WHAT IS EXPECTED:
Which lines below include "dxfattribs"? Copy them all.

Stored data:
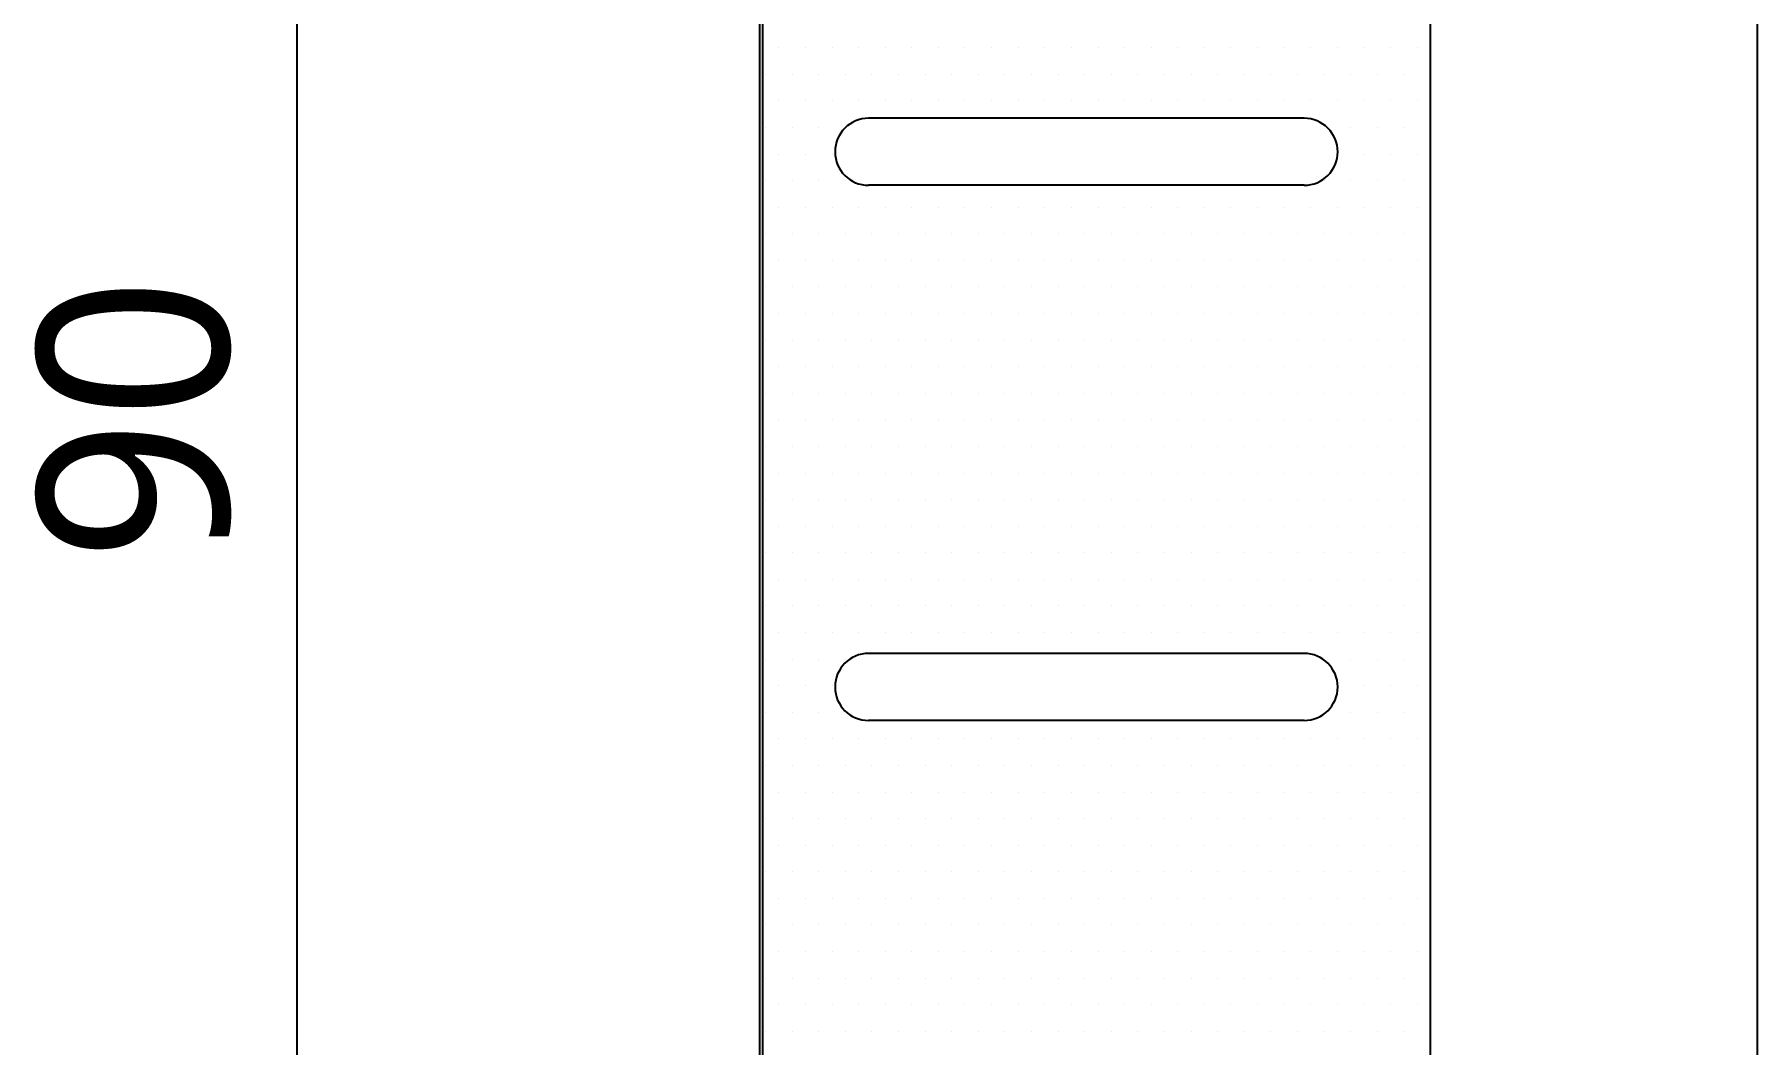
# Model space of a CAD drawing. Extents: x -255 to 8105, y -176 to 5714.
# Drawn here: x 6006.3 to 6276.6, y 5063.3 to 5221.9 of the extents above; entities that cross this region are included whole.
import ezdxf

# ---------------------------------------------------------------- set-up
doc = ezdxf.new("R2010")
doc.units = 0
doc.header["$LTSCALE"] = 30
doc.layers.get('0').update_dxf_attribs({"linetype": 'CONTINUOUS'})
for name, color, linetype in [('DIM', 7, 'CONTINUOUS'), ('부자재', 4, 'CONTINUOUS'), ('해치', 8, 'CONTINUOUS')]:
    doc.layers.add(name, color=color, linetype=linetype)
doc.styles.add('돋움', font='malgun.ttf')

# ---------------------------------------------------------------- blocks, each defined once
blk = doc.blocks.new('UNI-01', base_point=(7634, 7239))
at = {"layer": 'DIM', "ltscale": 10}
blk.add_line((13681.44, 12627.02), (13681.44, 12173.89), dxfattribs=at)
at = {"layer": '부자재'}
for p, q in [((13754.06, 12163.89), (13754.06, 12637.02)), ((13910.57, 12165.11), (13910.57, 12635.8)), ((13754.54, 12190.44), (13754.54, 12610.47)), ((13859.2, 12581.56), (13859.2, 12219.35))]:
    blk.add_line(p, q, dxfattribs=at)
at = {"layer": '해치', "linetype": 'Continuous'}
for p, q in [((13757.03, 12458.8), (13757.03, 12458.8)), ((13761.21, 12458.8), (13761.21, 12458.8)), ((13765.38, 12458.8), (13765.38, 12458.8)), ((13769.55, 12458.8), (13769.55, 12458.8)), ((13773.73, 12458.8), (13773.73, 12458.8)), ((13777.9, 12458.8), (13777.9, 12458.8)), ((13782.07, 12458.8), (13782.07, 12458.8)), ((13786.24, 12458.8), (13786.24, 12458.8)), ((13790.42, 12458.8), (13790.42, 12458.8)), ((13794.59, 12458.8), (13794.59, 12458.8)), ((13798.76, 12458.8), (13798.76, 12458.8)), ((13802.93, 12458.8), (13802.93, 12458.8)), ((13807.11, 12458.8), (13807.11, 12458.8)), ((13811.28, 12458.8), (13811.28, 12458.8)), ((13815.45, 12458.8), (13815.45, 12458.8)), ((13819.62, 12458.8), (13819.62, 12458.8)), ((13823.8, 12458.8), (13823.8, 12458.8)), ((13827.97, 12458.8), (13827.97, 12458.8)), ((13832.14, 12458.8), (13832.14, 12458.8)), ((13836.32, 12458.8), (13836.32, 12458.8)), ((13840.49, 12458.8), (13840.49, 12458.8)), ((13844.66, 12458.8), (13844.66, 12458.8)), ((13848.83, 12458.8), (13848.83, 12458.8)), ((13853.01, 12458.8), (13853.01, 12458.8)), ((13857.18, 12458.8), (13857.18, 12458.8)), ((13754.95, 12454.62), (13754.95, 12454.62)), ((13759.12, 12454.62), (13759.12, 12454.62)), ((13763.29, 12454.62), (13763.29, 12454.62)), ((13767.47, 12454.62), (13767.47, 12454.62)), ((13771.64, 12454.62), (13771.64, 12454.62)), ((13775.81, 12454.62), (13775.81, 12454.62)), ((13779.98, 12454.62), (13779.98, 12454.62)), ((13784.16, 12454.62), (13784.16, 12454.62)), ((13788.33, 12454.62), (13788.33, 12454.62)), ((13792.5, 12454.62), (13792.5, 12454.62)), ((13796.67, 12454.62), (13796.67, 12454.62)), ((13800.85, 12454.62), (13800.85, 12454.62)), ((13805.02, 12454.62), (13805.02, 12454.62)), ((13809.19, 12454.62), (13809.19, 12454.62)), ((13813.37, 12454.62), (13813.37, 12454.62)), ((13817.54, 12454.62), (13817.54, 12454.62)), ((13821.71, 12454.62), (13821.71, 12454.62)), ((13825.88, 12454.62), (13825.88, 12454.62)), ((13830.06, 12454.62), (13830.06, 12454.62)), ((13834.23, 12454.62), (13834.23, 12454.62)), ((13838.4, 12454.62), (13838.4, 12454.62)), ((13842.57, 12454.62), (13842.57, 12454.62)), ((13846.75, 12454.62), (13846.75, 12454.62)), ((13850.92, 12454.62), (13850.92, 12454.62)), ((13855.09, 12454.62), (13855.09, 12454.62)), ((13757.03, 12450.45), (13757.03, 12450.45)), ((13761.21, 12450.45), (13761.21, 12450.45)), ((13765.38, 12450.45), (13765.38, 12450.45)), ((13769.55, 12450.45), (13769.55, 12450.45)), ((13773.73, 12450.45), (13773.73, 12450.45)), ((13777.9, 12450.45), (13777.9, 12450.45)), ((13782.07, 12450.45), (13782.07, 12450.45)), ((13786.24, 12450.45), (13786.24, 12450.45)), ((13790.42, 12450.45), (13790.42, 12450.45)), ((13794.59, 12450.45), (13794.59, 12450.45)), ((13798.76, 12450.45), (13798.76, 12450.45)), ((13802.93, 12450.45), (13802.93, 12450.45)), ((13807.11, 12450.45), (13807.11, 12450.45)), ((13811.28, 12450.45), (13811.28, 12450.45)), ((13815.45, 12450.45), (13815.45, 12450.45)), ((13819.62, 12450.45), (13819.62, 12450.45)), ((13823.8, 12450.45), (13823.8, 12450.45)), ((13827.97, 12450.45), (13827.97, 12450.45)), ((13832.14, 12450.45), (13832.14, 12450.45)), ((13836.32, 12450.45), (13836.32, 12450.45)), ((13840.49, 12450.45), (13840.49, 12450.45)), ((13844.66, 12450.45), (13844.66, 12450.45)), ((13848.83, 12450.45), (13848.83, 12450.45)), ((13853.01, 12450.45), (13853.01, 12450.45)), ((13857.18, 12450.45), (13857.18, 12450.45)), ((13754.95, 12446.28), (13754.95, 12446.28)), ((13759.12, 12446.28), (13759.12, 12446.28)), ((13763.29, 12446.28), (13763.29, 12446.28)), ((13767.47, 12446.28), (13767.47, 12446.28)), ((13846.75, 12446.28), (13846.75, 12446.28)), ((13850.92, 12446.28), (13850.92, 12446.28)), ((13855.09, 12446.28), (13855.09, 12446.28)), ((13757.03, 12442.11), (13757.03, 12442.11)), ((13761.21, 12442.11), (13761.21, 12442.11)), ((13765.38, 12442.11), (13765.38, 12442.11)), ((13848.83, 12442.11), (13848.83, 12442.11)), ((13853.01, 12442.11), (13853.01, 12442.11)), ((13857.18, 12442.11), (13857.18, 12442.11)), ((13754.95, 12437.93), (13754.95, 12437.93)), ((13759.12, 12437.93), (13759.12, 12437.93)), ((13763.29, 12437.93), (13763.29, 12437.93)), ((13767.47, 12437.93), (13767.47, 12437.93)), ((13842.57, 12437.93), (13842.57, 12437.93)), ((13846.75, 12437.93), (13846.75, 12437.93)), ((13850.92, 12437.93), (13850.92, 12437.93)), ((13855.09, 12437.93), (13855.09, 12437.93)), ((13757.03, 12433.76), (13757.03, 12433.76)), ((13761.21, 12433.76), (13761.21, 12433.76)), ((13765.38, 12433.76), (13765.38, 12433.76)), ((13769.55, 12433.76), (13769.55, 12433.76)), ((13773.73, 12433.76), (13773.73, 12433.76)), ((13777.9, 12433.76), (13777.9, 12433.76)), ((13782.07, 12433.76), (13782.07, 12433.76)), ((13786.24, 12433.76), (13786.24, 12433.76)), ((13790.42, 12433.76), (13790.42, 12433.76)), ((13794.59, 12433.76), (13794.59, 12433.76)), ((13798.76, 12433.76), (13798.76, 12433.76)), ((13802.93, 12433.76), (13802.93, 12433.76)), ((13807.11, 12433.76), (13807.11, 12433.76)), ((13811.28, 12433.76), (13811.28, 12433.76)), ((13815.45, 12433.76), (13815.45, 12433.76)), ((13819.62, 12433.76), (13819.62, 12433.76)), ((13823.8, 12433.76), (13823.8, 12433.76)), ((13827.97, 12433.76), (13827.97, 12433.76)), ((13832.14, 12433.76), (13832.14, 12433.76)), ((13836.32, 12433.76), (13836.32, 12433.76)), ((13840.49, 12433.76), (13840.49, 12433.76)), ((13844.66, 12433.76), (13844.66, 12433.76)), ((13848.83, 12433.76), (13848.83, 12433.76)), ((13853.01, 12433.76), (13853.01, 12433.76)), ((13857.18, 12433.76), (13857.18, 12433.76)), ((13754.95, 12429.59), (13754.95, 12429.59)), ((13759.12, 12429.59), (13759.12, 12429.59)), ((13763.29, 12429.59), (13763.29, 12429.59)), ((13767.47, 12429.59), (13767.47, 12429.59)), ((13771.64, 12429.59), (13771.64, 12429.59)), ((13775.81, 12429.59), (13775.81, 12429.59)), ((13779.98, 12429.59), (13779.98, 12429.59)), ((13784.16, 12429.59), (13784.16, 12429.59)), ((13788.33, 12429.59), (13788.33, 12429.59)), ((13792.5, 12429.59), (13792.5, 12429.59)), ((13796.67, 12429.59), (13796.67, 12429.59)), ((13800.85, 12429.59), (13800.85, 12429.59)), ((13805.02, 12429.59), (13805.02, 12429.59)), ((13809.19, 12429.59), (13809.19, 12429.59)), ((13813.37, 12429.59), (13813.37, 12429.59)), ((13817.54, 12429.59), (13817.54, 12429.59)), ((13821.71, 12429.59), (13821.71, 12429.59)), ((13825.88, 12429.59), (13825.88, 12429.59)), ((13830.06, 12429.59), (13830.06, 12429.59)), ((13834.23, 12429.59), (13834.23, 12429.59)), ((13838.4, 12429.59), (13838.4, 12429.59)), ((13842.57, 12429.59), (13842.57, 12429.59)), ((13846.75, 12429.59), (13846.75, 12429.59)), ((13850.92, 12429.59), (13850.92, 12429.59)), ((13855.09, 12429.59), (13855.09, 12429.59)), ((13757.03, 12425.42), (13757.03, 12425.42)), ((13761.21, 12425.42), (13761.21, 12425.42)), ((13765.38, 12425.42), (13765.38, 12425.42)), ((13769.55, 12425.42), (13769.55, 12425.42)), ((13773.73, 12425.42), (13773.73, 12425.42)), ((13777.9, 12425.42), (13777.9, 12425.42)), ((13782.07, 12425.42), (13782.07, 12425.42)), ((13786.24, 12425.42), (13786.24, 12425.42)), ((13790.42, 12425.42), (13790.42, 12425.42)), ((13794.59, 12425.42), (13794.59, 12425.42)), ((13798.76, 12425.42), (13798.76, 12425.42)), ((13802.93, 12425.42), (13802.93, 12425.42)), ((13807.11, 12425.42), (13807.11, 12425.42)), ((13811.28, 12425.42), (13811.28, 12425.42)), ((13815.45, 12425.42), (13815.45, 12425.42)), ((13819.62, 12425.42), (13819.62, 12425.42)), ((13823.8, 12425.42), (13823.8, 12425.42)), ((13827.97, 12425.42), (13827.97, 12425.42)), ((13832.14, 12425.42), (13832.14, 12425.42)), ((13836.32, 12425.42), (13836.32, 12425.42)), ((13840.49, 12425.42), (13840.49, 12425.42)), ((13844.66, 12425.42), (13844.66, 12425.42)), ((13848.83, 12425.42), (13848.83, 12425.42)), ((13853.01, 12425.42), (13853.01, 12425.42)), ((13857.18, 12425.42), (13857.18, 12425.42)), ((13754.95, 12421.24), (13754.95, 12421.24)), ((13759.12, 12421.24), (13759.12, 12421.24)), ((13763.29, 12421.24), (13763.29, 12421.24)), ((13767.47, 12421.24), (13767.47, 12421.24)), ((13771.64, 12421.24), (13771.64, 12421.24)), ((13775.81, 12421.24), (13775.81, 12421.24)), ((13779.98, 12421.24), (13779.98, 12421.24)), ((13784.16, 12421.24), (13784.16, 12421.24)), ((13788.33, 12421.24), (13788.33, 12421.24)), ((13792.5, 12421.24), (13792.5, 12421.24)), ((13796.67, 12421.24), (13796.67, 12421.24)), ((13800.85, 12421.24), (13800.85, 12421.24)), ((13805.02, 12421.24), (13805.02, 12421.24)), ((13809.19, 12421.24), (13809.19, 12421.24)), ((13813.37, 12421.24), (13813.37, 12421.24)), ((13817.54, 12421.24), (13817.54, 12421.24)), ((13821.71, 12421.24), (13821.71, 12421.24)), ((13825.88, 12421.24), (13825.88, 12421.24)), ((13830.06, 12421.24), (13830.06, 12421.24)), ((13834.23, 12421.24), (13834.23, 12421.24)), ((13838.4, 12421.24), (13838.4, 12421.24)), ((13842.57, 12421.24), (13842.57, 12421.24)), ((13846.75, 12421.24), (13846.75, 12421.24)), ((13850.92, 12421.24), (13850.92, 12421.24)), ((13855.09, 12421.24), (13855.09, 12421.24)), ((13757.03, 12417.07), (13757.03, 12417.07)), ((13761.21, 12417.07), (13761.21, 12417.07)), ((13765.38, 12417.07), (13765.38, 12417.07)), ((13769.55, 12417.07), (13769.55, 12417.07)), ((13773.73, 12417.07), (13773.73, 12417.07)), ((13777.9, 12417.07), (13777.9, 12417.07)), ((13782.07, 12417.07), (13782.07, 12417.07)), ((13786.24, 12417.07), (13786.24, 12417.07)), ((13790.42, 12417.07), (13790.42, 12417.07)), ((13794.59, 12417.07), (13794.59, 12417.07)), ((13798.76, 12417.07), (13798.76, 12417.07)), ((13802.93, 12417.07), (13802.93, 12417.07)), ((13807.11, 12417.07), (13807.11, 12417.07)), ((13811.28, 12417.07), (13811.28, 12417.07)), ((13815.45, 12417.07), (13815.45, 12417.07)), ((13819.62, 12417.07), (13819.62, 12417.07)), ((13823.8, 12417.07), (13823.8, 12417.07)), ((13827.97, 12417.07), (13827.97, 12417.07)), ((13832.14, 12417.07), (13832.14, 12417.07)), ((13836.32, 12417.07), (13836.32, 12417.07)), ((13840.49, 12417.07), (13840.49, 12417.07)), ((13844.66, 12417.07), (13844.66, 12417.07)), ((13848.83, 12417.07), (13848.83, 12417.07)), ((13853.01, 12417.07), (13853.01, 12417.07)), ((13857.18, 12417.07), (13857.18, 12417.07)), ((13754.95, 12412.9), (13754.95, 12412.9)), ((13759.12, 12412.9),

PROBLEM SOLUTION:
blk.add_line((13681.44, 12627.02), (13681.44, 12173.89), dxfattribs=at)
    blk.add_line(p, q, dxfattribs=at)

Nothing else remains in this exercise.